> **Task item**
When you transcribe the entries below, begin at their first line and stop after the line containing "lines of L1 L3"; pictures stay out.

> **Data for analysis**
- - -
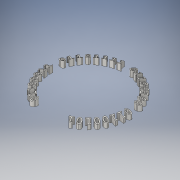
# Autodesk Inventor part: Team Pin Code-numbers
Saved by Autodesk Inventor 2016 (Build 200138000, 138)
## iProperties
Created: 2016-02-20
Part Number: Team Pin Code-numbers
Material: Generic
Document SubType Name: Modeling
Designer: RoksBot
Density: 1 g/cm^3
Appearance: White
Author: RoksBot
Autodesk Inventor part; units mm, degrees
ref_plane "YZ Plane" through (0, 0, 0) normal (1, 0, 0) x (0, 1, 0)
ref_plane "XZ Plane" through (0, 0, 0) normal (0, 1, 0) x (-1, 0, 0)
ref_plane "XY Plane" through (0, 0, 0) normal (0, 0, 1) x (1, 0, 0)
sketch "Sketch1" plane through (0, 0, 0) normal (0, 0, 1) x (1, 0, 0)
  line L0 (0, 0) -> (0, 8.6646) construction
  line L1 (20.9931, 1.27) -> (20.9931, 5.715)
  line L2 (20.9931, 5.715) -> (27.9781, 3.81)
  line L3 (27.9781, 3.81) -> (27.9781, 0)
  line L4 (27.9781, 0) -> (20.9931, 0)
  line L5 (20.9931, 1.27) -> (18.4531, 1.27)
  line L6 (18.4531, 1.27) -> (18.4531, 0)
  line L7 (18.4531, 0) -> (20.9931, 0)
  dimension "d0" = 20.9931
  dimension "d1" = 4.445
  dimension "d2" = 1.27
  dimension "d3" = 2.54
  dimension "d4" = 3.81
  dimension "d5" = 6.985
  constraints: 16 end point, 2 parallel, 2 perpendicular, 2 vertical, 1 horizontal, 1 horizontal alignment
  measures "d0" distance between parallel lines of L0 L1
  measures "d1" distance from line of L5 L1.end
  measures "d2" distance of L5.end L6.end
  measures "d3" distance between parallel lines of L1 L6
  measures "d4" distance of L2.end L3.end
  measures "d5" distance between parallel lines of L1 L3
revolve "Revolution1" add sketch "Sketch1" angle 360 about axis through (0, 0, 0) along (0, 1, 0)
sketch "Sketch2" plane through (0, 1.27, 0) normal (0, 1, 0) x (1, 0, 0)
  circle A0 centre (0, 0) radius 18.4531 projected
  circle A1 centre (0, 0) radius 27.9781 projected
  circle A2 centre (0, 0) radius 20.9931 projected
  circle A3 centre (0, 0) radius 22.8981
  line L0 (-12.5777, -21.7947) -> (-12.2792, -21.2089)
  spline S0 degree 2 poles (-12.2792, -21.2089) (-12.0125, -20.6853) (-10.9221, -20.0372) (-10.36, -20.3236) knots 0 0 0 1 2 2 2
  spline S1 degree 2 poles (-10.36, -20.3236) (-10.0346, -20.4894) (-9.7325, -21.001) (-9.7235, -21.9707) (-9.9421, -22.3997) knots 0 0 0 1 2 3 3 3
  line L1 (-9.9421, -22.3997) -> (-10.2405, -22.9854)
  spline S2 degree 2 poles (-10.2405, -22.9854) (-10.5058, -23.5061) (-11.5947, -24.1587) (-12.1568, -23.8723) knots 0 0 0 1 2 2 2
  spline S3 degree 2 poles (-12.1568, -23.8723) (-12.4793, -23.708) (-12.7828, -23.1994) (-12.7977, -22.2266) (-12.5777, -21.7947) knots 0 0 0 1 2 3 3 3
  spline S4 degree 2 poles (-12.0422, -22.0675) (-12.2653, -22.5054) (-12.1885, -22.9544) knots 0 0 0 1 1 1
  spline S5 degree 2 poles (-12.1885, -22.9544) (-12.1414, -23.2057) (-11.8899, -23.3338) knots 0 0 0 1 1 1
  spline S6 degree 2 poles (-11.8899, -23.3338) (-11.6444, -23.4589) (-11.3895, -23.3391) knots 0 0 0 1 1 1
  spline S7 degree 2 poles (-11.3895, -23.3391) (-11.0021, -23.1564) (-10.776, -22.7126) knots 0 0 0 1 1 1
  line L2 (-10.776, -22.7126) -> (-10.4776, -22.1268)
  spline S8 degree 2 poles (-10.4776, -22.1268) (-10.253, -21.686) (-10.3342, -21.2385) knots 0 0 0 1 1 1
  spline S9 degree 2 poles (-10.3342, -21.2385) (-10.3784, -20.9887) (-10.6328, -20.859) knots 0 0 0 1 1 1
  spline S10 degree 2 poles (-10.6328, -20.859) (-10.8754, -20.7355) (-11.1302, -20.8553) knots 0 0 0 1 1 1
  spline S11 degree 2 poles (-11.1302, -20.8553) (-11.5177, -21.038) (-11.7438, -21.4817) knots 0 0 0 1 1 1
  line L3 (-11.7438, -21.4817) -> (-12.0422, -22.0675)
  line L4 (-15.9925, -21.4944) -> (-14.0587, -18.8322)
  line L5 (-14.0587, -18.8322) -> (-14.5503, -18.4751)
  spline S12 degree 2 poles (-14.5503, -18.4751) (-14.733, -18.3425) (-14.7859, -18.0989) (-14.7059, -17.9887) knots 0 0 0 1 2 2 2
  spline S13 degree 2 poles (-14.7059, -17.9887) (-14.6259, -17.8786) (-14.3798, -17.8562) (-14.1971, -17.9889) knots 0 0 0 1 2 2 2
  line L6 (-14.1971, -17.9889) -> (-12.7277, -19.0563)
  spline S14 degree 2 poles (-12.7277, -19.0563) (-12.545, -19.189) (-12.4922, -19.4325) (-12.5722, -19.5427) knots 0 0 0 1 2 2 2
  spline S15 degree 2 poles (-12.5722, -19.5427) (-12.6522, -19.6528) (-12.8982, -19.6752) (-13.0809, -19.5425) knots 0 0 0 1 2 2 2
  line L7 (-13.0809, -19.5425) -> (-13.5725, -19.1854)
  line L8 (-13.5725, -19.1854) -> (-15.0457, -21.2136)
  line L9 (-15.0457, -21.2136) -> (-14.5286, -21.4169)
  spline S16 degree 2 poles (-14.5286, -21.4169) (-14.4023, -21.4635) (-14.3513, -21.5005) knots 0 0 0 1 1 1
  spline S17 degree 2 poles (-14.3513, -21.5005) (-14.2573, -21.5688) (-14.2303, -21.8141) (-14.3083, -21.9216) knots 0 0 0 1 2 2 2
  spline S18 degree 2 poles (-14.3083, -21.9216) (-14.3786, -22.0183) (-14.558, -22.0562) (-14.7477, -21.9841) knots 0 0 0 1 2 2 2
  line L10 (-14.7477, -21.9841) -> (-15.9925, -21.4944)
  line L11 (-19.1566, -18.7295) -> (-16.8304, -16.4024)
  line L12 (-16.8304, -16.4024) -> (-17.2601, -15.9728)
  spline S19 degree 2 poles (-17.2601, -15.9728) (-17.4198, -15.8132) (-17.4339, -15.5643) (-17.3377, -15.4681) knots 0 0 0 1 2 2 2
  spline S20 degree 2 poles (-17.3377, -15.4681) (-17.2415, -15.3718) (-16.9949, -15.3882) (-16.8353, -15.5478) knots 0 0 0 1 2 2 2
  line L13 (-16.8353, -15.5478) -> (-15.5508, -16.8318)
  spline S21 degree 2 poles (-15.5508, -16.8318) (-15.3911, -16.9914) (-15.377, -17.2403) (-15.4732, -17.3365) knots 0 0 0 1 2 2 2
  spline S22 degree 2 poles (-15.4732, -17.3365) (-15.5694, -17.4328) (-15.816, -17.4164) (-15.9756, -17.2568) knots 0 0 0 1 2 2 2
  line L14 (-15.9756, -17.2568) -> (-16.4054, -16.8273)
  line L15 (-16.4054, -16.8273) -> (-18.1776, -18.6002)
  line L16 (-18.1776, -18.6002) -> (-17.6986, -18.8818)
  spline S23 degree 2 poles (-17.6986, -18.8818) (-17.5812, -18.9475) (-17.5366, -18.9921) knots 0 0 0 1 1 1
  spline S24 degree 2 poles (-17.5366, -18.9921) (-17.4544, -19.0743) (-17.4661, -19.3208) (-17.56, -19.4147) knots 0 0 0 1 2 2 2
  spline S25 degree 2 poles (-17.56, -19.4147) (-17.6445, -19.4993) (-17.8276, -19.5087) (-18.0037, -19.4078) knots 0 0 0 1 2 2 2
  line L17 (-18.0037, -19.4078) -> (-19.1566, -18.7295)
  line L18 (-21.0982, -13.7139) -> (-20.5665, -13.3273)
  spline S26 degree 2 poles (-20.5665, -13.3273) (-20.0911, -12.9818) (-18.8254, -12.899) (-18.4545, -13.4093) knots 0 0 0 1 2 2 2
  spline S27 degree 2 poles (-18.4545, -13.4093) (-18.2397, -13.7047) (-18.2027, -14.2977) (-18.6347, -15.1659) (-19.0242, -15.449) knots 0 0 0 1 2 3 3 3
  line L19 (-19.0242, -15.449) -> (-19.5559, -15.8355)
  spline S28 degree 2 poles (-19.5559, -15.8355) (-20.0286, -16.1792) (-21.295, -16.2665) (-21.666, -15.7562) knots 0 0 0 1 2 2 2
  spline S29 degree 2 poles (-21.666, -15.7562) (-21.8788, -15.4635) (-21.9185, -14.8725) (-21.4903, -13.9989) (-21.0982, -13.7139) knots 0 0 0 1 2 3 3 3
  spline S30 degree 2 poles (-20.7449, -14.2) (-21.1423, -14.4889) (-21.2777, -14.9239) knots 0 0 0 1 1 1
  spline S31 degree 2 poles (-21.2777, -14.9239) (-21.3497, -15.1692) (-21.1838, -15.3975) knots 0 0 0 1 1 1
  spline S32 degree 2 poles (-21.1838, -15.3975) (-21.0218, -15.6204) (-20.7403, -15.6293) knots 0 0 0 1 1 1
  spline S33 degree 2 poles (-20.7403, -15.6293) (-20.3121, -15.6423) (-19.9093, -15.3494) knots 0 0 0 1 1 1
  line L20 (-19.9093, -15.3494) -> (-19.3775, -14.9629)
  spline S34 degree 2 poles (-19.3775, -14.9629) (-18.9774, -14.672) (-18.8467, -14.2363) knots 0 0 0 1 1 1
  spline S35 degree 2 poles (-18.8467, -14.2363) (-18.7727, -13.9936) (-18.9406, -13.7627) knots 0 0 0 1 1 1
  spline S36 degree 2 poles (-18.9406, -13.7627) (-19.1007, -13.5425) (-19.3821, -13.5336) knots 0 0 0 1 1 1
  spline S37 degree 2 poles (-19.3821, -13.5336) (-19.8103, -13.5206) (-20.2131, -13.8134) knots 0 0 0 1 1 1
  line L21 (-20.2131, -13.8134) -> (-20.7449, -14.2)
  line L22 (-22.983, -10.2463) -> (-22.3974, -9.9477)
  spline S38 degree 2 poles (-22.3974, -9.9477) (-21.8738, -9.6807) (-20.6107, -9.7969) (-20.3241, -10.3589) knots 0 0 0 1 2 2 2
  spline S39 degree 2 poles (-20.3241, -10.3589) (-20.1582, -10.6842) (-20.2144, -11.2757) (-20.7769, -12.0656) (-21.2058, -12.2844) knots 0 0 0 1 2 3 3 3
  line L23 (-21.2058, -12.2844) -> (-21.7914, -12.583)
  spline S40 degree 2 poles (-21.7914, -12.583) (-22.312, -12.8485) (-23.5765, -12.7368) (-23.8631, -12.1748) knots 0 0 0 1 2 2 2
  spline S41 degree 2 poles (-23.8631, -12.1748) (-24.0276, -11.8524) (-23.9743, -11.2624) (-23.4149, -10.4665) (-22.983, -10.2463) knots 0 0 0 1 2 3 3 3
  spline S42 degree 2 poles (-22.71, -10.7817) (-23.1478, -11.0049) (-23.3495, -11.4134) knots 0 0 0 1 1 1
  spline S43 degree 2 poles (-23.3495, -11.4134) (-23.459, -11.6444) (-23.3308, -11.8958) knots 0 0 0 1 1 1
  spline S44 degree 2 poles (-23.3308, -11.8958) (-23.2056, -12.1413) (-22.929, -12.1941) knots 0 0 0 1 1 1
  spline S45 degree 2 poles (-22.929, -12.1941) (-22.5081, -12.2739) (-22.0644, -12.0476) knots 0 0 0 1 1 1
  line L24 (-22.0644, -12.0476) -> (-21.4788, -11.749)
  spline S46 degree 2 poles (-21.4788, -11.749) (-21.0381, -11.5242) (-20.8408, -11.1143) knots 0 0 0 1 1 1
  spline S47 degree 2 poles (-20.8408, -11.1143) (-20.7298, -10.8863) (-20.8595, -10.6319) knots 0 0 0 1 1 1
  spline S48 degree 2 poles (-20.8595, -10.6319) (-20.9832, -10.3893) (-21.2598, -10.3366) knots 0 0 0 1 1 1
  spline S49 degree 2 poles (-21.2598, -10.3366) (-21.6807, -10.2568) (-22.1244, -10.483) knots 0 0 0 1 1 1
  line L25 (-22.1244, -10.483) -> (-22.71, -10.7817)
  line L26 (-24.3025, -6.5267) -> (-23.6773, -6.3233)
  spline S50 degree 2 poles (-23.6773, -6.3233) (-23.1185, -6.1414) (-21.8891, -6.4537) (-21.6939, -7.0536) knots 0 0 0 1 2 2 2
  spline S51 degree 2 poles (-21.6939, -7.0536) (-21.5809, -7.4009) (-21.7288, -7.9763) (-22.4079, -8.6686) (-22.8657, -8.8176) knots 0 0 0 1 2 3 3 3
  line L27 (-22.8657, -8.8176) -> (-23.4909, -9.021)
  spline S52 degree 2 poles (-23.4909, -9.021) (-24.0465, -9.2018) (-25.2781, -8.8937) (-25.4733, -8.2938) knots 0 0 0 1 2 2 2
  spline S53 degree 2 poles (-25.4733, -8.2938) (-25.5852, -7.9497) (-25.4404, -7.3753) (-24.7634, -6.6767) (-24.3025, -6.5267) knots 0 0 0 1 2 3 3 3
  spline S54 degree 2 poles (-24.1165, -7.0982) (-24.5838, -7.2502) (-24.8469, -7.6221) knots 0 0 0 1 1 1
  spline S55 degree 2 poles (-24.8469, -7.6221) (-24.9912, -7.8332) (-24.9038, -8.1015) knots 0 0 0 1 1 1
  spline S56 degree 2 poles (-24.9038, -8.1015) (-24.8186, -8.3636) (-24.5536, -8.459) knots 0 0 0 1 1 1
  spline S57 degree 2 poles (-24.5536, -8.459) (-24.1504, -8.6036) (-23.6768, -8.4495) knots 0 0 0 1 1 1
  line L28 (-23.6768, -8.4495) -> (-23.0517, -8.2461)
  spline S58 degree 2 poles (-23.0517, -8.2461) (-22.5812, -8.093) (-22.3223, -7.719) knots 0 0 0 1 1 1
  spline S59 degree 2 poles (-22.3223, -7.719) (-22.177, -7.5111) (-22.2653, -7.2395) knots 0 0 0 1 1 1
  spline S60 degree 2 poles (-22.2653, -7.2395) (-22.3496, -6.9806) (-22.6146, -6.8853) knots 0 0 0 1 1 1
  spline S61 degree 2 poles (-22.6146, -6.8853) (-23.0178, -6.7406) (-23.4914, -6.8947) knots 0 0 0 1 1 1
  line L29 (-23.4914, -6.8947) -> (-24.1165, -7.0982)
  line L30 (-26.5057, -3.9006) -> (-23.2561, -3.3842)
  line L31 (-23.2561, -3.3842) -> (-23.3515, -2.7842)
  spline S62 degree 2 poles (-23.3515, -2.7842) (-23.3869, -2.5612) (-23.2521, -2.3515) (-23.1177, -2.3301) knots 0 0 0 1 2 2 2
  spline S63 degree 2 poles (-23.1177, -2.3301) (-22.9832, -2.3088) (-22.7934, -2.4669) (-22.758, -2.6899) knots 0 0 0 1 2 2 2
  line L32 (-22.758, -2.6899) -> (-22.473, -4.4835)
  spline S64 degree 2 poles (-22.473, -4.4835) (-22.4375, -4.7065) (-22.5723, -4.9162) (-22.7067, -4.9376) knots 0 0 0 1 2 2 2
  spline S65 degree 2 poles (-22.7067, -4.9376) (-22.8412, -4.9589) (-23.031, -4.8008) (-23.0665, -4.5778) knots 0 0 0 1 2 2 2
  line L33 (-23.0665, -4.5778) -> (-23.1618, -3.9778)
  line L34 (-23.1618, -3.9778) -> (-25.6376, -4.3711)
  line L35 (-25.6376, -4.3711) -> (-25.4154, -4.8805)
  spline S66 degree 2 poles (-25.4154, -4.8805) (-25.359, -5.0026) (-25.3491, -5.0649) knots 0 0 0 1 1 1
  spline S67 degree 2 poles (-25.3491, -5.0649) (-25.3309, -5.1797) (-25.4852, -5.3723) (-25.6164, -5.3932) knots 0 0 0 1 2 2 2
  spline S68 degree 2 poles (-25.6164, -5.3932) (-25.7344, -5.4119) (-25.8881, -5.3119) (-25.9713, -5.1268) knots 0 0 0 1 2 2 2
  line L36 (-25.9713, -5.1268) -> (-26.5057, -3.9006)
  line L37 (-26.7896, 0.2918) -> (-23.4992, 0.2937)
  line L38 (-23.4992, 0.2937) -> (-23.4996, 0.9013)
  spline S69 degree 2 poles (-23.4996, 0.9013) (-23.4997, 1.1271) (-23.3338, 1.3131) (-23.1977, 1.3132) knots 0 0 0 1 2 2 2
  spline S70 degree 2 poles (-23.1977, 1.3132) (-23.0615, 1.3133) (-22.8987, 1.1274) (-22.8986, 0.9016) knots 0 0 0 1 2 2 2
  line L39 (-22.8986, 0.9016) -> (-22.8976, -0.9145)
  spline S71 degree 2 poles (-22.8976, -0.9145) (-22.8975, -1.1403) (-23.0634, -1.3263) (-23.1995, -1.3264) knots 0 0 0 1 2 2 2
  spline S72 degree 2 poles (-23.1995, -1.3264) (-23.3356, -1.3265) (-23.4984, -1.1407) (-23.4985, -0.9149) knots 0 0 0 1 2 2 2
  line L40 (-23.4985, -0.9149) -> (-23.4989, -0.3073)
  line L41 (-23.4989, -0.3073) -> (-26.0057, -0.3087)
  line L42 (-26.0057, -0.3087) -> (-25.8659, -0.8465)
  spline S73 degree 2 poles (-25.8659, -0.8465) (-25.8293, -0.976) (-25.8293, -1.0391) knots 0 0 0 1 1 1
  spline S74 degree 2 poles (-25.8293, -1.0391) (-25.8292, -1.1553) (-26.0118, -1.3214) (-26.1446, -1.3215) knots 0 0 0 1 2 2 2
  spline S75 degree 2 poles (-26.1446, -1.3215) (-26.2641, -1.3215) (-26.4003, -1.1988) (-26.4535, -1.0029) knots 0 0 0 1 2 2 2
  line L43 (-26.4535, -1.0029) -> (-26.7896, 0.2918)
  line L44 (-23.5001, 8.9973) -> (-22.8747, 8.7946)
  spline S76 degree 2 poles (-22.8747, 8.7946) (-22.3157, 8.6134) (-21.5043, 7.6384) (-21.6988, 7.0383) knots 0 0 0 1 2 2 2
  spline S77 degree 2 poles (-21.6988, 7.0383) (-21.8115, 6.6908) (-22.2693, 6.3122) (-23.2255, 6.1509) (-23.6835, 6.2994) knots 0 0 0 1 2 3 3 3
  line L45 (-23.6835, 6.2994) -> (-24.3089, 6.5021)
  spline S78 degree 2 poles (-24.3089, 6.5021) (-24.8648, 6.6822) (-25.6803, 7.6551) (-25.4858, 8.2552) knots 0 0 0 1 2 2 2
  spline S79 degree 2 poles (-25.4858, 8.2552) (-25.3742, 8.5995) (-24.9196, 8.9792) (-23.9613, 9.1467) (-23.5001, 8.9973) knots 0 0 0 1 2 3 3 3
  spline S80 degree 2 poles (-23.6854, 8.4256) (-24.1529, 8.5771) (-24.5843, 8.4307) knots 0 0 0 1 1 1
  spline S81 degree 2 poles (-24.5843, 8.4307) (-24.825, 8.3447) (-24.9121, 8.0762) knots 0 0 0 1 1 1
  spline S82 degree 2 poles (-24.9121, 8.0762) (-24.997, 7.8141) (-24.8386, 7.5812) knots 0 0 0 1 1 1
  spline S83 degree 2 poles (-24.8386, 7.5812) (-24.5974, 7.2273) (-24.1236, 7.0737) knots 0 0 0 1 1 1
  line L46 (-24.1236, 7.0737) -> (-23.4982, 6.871)
  spline S84 degree 2 poles (-23.4982, 6.871) (-23.0276, 6.7185) (-22.5983, 6.8691) knots 0 0 0 1 1 1
  spline S85 degree 2 poles (-22.5983, 6.8691) (-22.3586, 6.9519) (-22.2705, 7.2236) knots 0 0 0 1 1 1
  spline S86 degree 2 poles (-22.2705, 7.2236) (-22.1866, 7.4825) (-22.345, 7.7154) knots 0 0 0 1 1 1
  spline S87 degree 2 poles (-22.345, 7.7154) (-22.5863, 8.0693) (-23.06, 8.2229) knots 0 0 0 1 1 1
  line L47 (-23.06, 8.2229) -> (-23.6854, 8.4256)
  line L48 (-23.7401, 12.4168) -> (-20.8071, 10.9254)
  line L49 (-20.8071, 10.9254) -> (-20.5317, 11.467)
  spline S88 degree 2 poles (-20.5317, 11.467) (-20.4294, 11.6682) (-20.1971, 11.7587) (-20.0758, 11.697) knots 0 0 0 1 2 2 2
  spline S89 degree 2 poles (-20.0758, 11.697) (-19.9544, 11.6353) (-19.8937, 11.3958) (-19.996, 11.1946) knots 0 0 0 1 2 2 2
  line L50 (-19.996, 11.1946) -> (-20.8193, 9.5757)
  spline S90 degree 2 poles (-20.8193, 9.5757) (-20.9216, 9.3744) (-21.1539, 9.2839) (-21.2752, 9.3456) knots 0 0 0 1 2 2 2
  spline S91 degree 2 poles (-21.2752, 9.3456) (-21.3966, 9.4073) (-21.4573, 9.6468) (-21.355, 9.8481) knots 0 0 0 1 2 2 2
  line L51 (-21.355, 9.8481) -> (-21.0795, 10.3897)
  line L52 (-21.0795, 10.3897) -> (-23.314, 11.526)
  line L53 (-23.314, 11.526) -> (-23.4335, 10.9833)
  spline S92 degree 2 poles (-23.4335, 10.9833) (-23.4597, 10.8513) (-23.4883, 10.7951) knots 0 0 0 1 1 1
  spline S93 degree 2 poles (-23.4883, 10.7951) (-23.5409, 10.6915) (-23.779, 10.6263) (-23.8974, 10.6865) knots 0 0 0 1 2 2 2
  spline S94 degree 2 poles (-23.8974, 10.6865) (-24.0039, 10.7407) (-24.0696, 10.9119) (-24.0281, 11.1106) knots 0 0 0 1 2 2 2
  line L54 (-24.0281, 11.1106) -> (-23.7401, 12.4168)
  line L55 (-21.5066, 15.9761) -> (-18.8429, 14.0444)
- - -
> **Written answer**
# Autodesk Inventor part: Team Pin Code-numbers
Saved by Autodesk Inventor 2016 (Build 200138000, 138)
## iProperties
Created: 2016-02-20
Part Number: Team Pin Code-numbers
Material: Generic
Document SubType Name: Modeling
Designer: RoksBot
Density: 1 g/cm^3
Appearance: White
Author: RoksBot
Autodesk Inventor part; units mm, degrees
ref_plane "YZ Plane" through (0, 0, 0) normal (1, 0, 0) x (0, 1, 0)
ref_plane "XZ Plane" through (0, 0, 0) normal (0, 1, 0) x (-1, 0, 0)
ref_plane "XY Plane" through (0, 0, 0) normal (0, 0, 1) x (1, 0, 0)
sketch "Sketch1" plane through (0, 0, 0) normal (0, 0, 1) x (1, 0, 0)
  line L0 (0, 0) -> (0, 8.6646) construction
  line L1 (20.9931, 1.27) -> (20.9931, 5.715)
  line L2 (20.9931, 5.715) -> (27.9781, 3.81)
  line L3 (27.9781, 3.81) -> (27.9781, 0)
  line L4 (27.9781, 0) -> (20.9931, 0)
  line L5 (20.9931, 1.27) -> (18.4531, 1.27)
  line L6 (18.4531, 1.27) -> (18.4531, 0)
  line L7 (18.4531, 0) -> (20.9931, 0)
  dimension "d0" = 20.9931
  dimension "d1" = 4.445
  dimension "d2" = 1.27
  dimension "d3" = 2.54
  dimension "d4" = 3.81
  dimension "d5" = 6.985
  constraints: 16 end point, 2 parallel, 2 perpendicular, 2 vertical, 1 horizontal, 1 horizontal alignment
  measures "d0" distance between parallel lines of L0 L1
  measures "d1" distance from line of L5 L1.end
  measures "d2" distance of L5.end L6.end
  measures "d3" distance between parallel lines of L1 L6
  measures "d4" distance of L2.end L3.end
  measures "d5" distance between parallel lines of L1 L3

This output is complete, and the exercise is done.